**RECORDS FOR PROCESSING:**
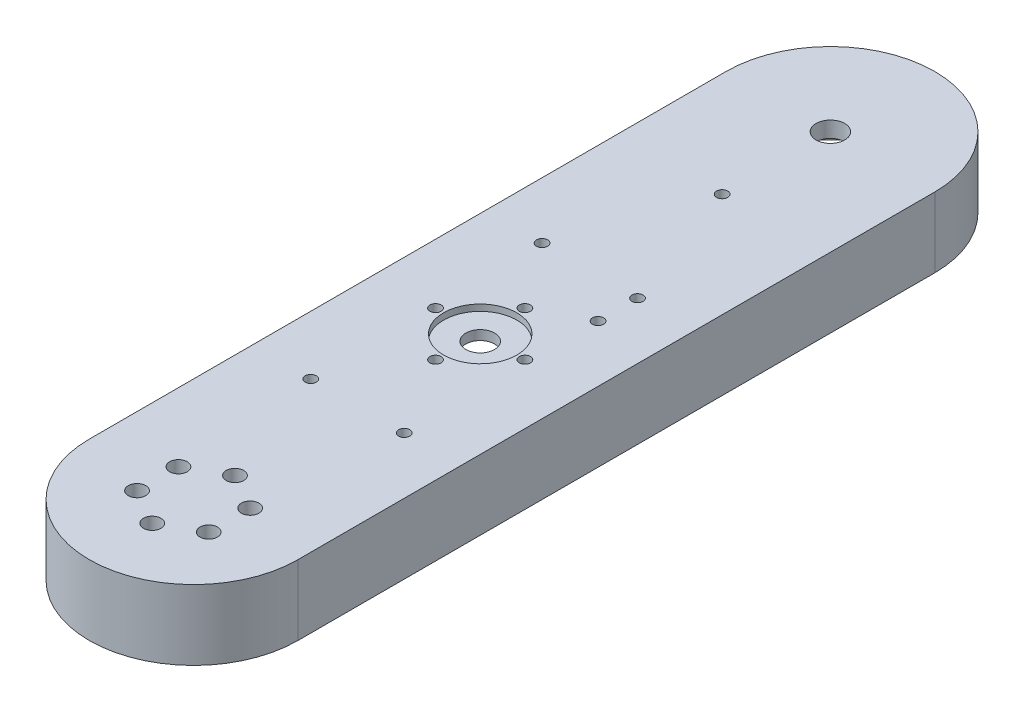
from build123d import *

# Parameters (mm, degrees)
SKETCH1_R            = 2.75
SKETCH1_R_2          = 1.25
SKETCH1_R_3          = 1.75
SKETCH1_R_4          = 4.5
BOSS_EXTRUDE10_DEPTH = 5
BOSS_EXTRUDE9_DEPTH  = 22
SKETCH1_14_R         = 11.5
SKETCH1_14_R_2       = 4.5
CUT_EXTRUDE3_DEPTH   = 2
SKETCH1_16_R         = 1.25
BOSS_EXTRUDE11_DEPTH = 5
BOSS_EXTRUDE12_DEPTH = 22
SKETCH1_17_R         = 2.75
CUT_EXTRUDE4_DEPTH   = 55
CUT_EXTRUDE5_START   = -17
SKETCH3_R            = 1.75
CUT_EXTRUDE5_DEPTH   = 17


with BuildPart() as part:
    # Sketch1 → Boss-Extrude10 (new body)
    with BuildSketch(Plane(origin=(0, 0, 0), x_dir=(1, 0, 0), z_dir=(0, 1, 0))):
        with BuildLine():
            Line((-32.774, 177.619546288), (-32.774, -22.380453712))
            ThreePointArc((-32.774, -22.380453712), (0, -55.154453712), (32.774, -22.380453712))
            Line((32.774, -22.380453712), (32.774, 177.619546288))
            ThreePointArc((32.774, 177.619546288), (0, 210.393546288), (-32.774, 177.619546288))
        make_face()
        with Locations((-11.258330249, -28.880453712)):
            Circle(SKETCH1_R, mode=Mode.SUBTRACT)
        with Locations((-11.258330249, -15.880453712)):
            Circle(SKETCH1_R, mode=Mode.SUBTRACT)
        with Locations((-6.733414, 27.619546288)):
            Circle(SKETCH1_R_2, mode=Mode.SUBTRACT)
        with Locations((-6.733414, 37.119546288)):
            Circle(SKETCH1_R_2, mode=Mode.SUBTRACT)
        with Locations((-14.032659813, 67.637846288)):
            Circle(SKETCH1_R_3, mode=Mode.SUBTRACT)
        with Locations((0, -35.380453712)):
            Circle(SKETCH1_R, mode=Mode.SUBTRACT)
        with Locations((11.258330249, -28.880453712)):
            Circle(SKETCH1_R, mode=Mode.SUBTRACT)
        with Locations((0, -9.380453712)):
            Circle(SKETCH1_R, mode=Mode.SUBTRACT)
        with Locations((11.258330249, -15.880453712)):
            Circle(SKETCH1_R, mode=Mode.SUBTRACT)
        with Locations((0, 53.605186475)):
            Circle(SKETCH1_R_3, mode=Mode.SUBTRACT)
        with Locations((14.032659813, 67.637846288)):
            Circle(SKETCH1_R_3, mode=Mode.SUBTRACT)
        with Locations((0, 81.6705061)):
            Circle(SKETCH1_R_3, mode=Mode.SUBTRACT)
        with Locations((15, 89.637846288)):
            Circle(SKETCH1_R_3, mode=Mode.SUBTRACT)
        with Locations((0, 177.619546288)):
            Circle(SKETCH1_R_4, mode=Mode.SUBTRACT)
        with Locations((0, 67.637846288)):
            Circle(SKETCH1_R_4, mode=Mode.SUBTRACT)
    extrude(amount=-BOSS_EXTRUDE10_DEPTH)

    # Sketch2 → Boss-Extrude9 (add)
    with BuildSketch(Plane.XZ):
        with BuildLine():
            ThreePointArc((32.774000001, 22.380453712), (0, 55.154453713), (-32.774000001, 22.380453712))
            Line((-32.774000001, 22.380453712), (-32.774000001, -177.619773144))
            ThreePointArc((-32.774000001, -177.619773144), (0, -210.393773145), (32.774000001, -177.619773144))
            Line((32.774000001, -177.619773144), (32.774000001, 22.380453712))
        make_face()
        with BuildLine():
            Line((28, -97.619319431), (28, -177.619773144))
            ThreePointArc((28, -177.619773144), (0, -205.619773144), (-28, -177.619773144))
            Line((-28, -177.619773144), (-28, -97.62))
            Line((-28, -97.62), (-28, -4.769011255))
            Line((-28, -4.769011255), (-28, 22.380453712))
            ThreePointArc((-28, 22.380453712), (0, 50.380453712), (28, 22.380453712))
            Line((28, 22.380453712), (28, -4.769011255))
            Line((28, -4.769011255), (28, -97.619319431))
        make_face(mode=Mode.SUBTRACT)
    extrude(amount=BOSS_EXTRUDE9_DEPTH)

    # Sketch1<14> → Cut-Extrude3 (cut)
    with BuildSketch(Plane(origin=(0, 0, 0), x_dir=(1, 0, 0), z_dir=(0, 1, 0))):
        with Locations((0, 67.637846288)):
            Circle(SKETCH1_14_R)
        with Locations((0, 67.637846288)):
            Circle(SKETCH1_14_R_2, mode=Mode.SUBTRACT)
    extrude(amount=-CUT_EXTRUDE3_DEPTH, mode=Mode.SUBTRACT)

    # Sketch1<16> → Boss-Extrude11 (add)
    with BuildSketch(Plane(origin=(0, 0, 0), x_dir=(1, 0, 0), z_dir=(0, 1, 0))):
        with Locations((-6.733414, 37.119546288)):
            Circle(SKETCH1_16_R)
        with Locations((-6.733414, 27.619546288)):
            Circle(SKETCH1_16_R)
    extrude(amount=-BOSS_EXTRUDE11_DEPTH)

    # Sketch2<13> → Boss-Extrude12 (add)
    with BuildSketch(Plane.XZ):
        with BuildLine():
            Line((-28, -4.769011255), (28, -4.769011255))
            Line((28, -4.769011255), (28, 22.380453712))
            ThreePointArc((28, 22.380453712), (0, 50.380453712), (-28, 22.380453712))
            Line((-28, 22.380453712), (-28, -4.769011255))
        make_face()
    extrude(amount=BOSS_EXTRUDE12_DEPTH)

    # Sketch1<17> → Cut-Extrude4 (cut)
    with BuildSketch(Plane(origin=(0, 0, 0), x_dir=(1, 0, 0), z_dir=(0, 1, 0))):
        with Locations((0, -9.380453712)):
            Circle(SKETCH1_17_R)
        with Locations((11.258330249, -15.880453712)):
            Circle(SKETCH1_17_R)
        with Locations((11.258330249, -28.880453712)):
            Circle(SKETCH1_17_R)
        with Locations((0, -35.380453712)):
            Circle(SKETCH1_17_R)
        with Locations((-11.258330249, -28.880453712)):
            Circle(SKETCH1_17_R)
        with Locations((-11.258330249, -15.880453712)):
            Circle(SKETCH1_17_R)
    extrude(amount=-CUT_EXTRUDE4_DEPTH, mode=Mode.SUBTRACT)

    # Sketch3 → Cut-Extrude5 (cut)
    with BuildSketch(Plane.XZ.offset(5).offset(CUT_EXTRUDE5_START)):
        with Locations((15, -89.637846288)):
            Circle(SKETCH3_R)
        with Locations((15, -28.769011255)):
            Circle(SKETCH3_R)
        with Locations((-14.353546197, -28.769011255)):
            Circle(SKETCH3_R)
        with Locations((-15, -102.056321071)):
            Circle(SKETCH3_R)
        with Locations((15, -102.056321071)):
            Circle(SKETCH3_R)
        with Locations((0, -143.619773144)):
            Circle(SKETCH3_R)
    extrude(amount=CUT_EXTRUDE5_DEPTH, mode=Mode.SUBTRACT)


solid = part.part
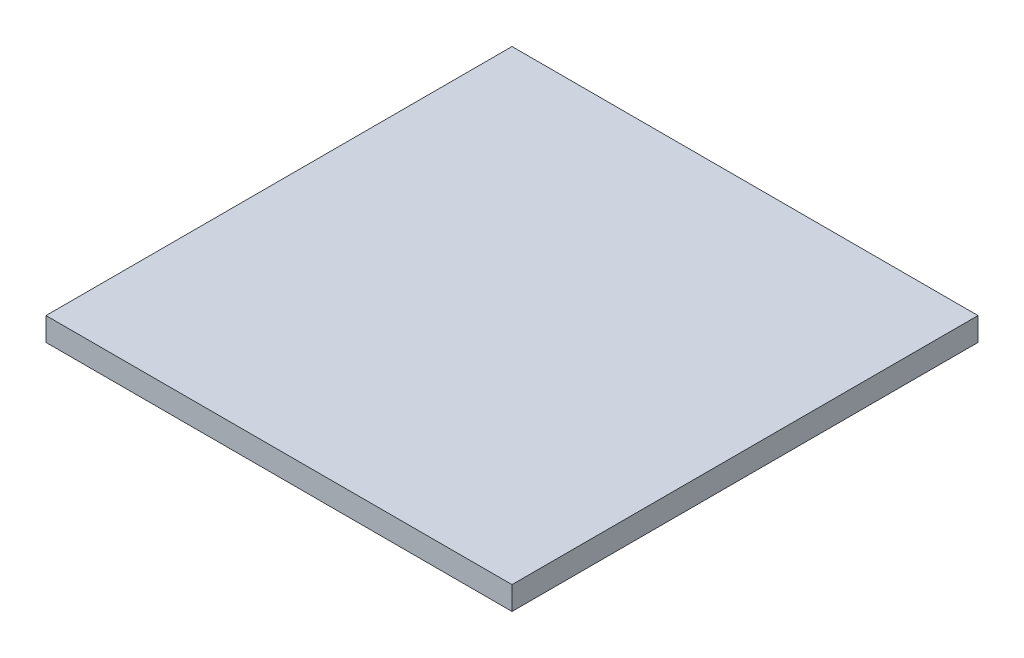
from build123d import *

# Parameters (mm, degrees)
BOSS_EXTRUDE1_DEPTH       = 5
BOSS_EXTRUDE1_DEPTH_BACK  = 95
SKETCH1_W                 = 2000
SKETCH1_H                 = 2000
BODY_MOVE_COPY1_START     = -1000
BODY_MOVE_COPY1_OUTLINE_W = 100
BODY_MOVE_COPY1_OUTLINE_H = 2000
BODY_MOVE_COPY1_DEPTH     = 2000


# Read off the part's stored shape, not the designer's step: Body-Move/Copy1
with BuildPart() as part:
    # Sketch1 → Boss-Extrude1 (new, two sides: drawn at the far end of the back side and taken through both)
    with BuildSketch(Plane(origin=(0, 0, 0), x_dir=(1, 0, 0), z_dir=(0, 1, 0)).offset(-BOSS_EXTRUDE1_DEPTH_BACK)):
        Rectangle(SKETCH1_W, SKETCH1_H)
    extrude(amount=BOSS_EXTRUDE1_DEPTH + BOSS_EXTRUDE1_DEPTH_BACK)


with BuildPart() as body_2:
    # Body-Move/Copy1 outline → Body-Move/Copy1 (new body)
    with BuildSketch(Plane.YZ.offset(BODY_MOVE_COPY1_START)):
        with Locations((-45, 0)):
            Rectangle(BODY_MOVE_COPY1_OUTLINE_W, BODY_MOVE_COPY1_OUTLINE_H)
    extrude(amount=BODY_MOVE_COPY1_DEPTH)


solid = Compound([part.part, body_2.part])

**INSTRUCTIONS FOR THE TASK:** Which lines in the records above contain the string "Rectangle"? Copy each one.

**TASK RESPONSE:**
        Rectangle(SKETCH1_W, SKETCH1_H)
            Rectangle(BODY_MOVE_COPY1_OUTLINE_W, BODY_MOVE_COPY1_OUTLINE_H)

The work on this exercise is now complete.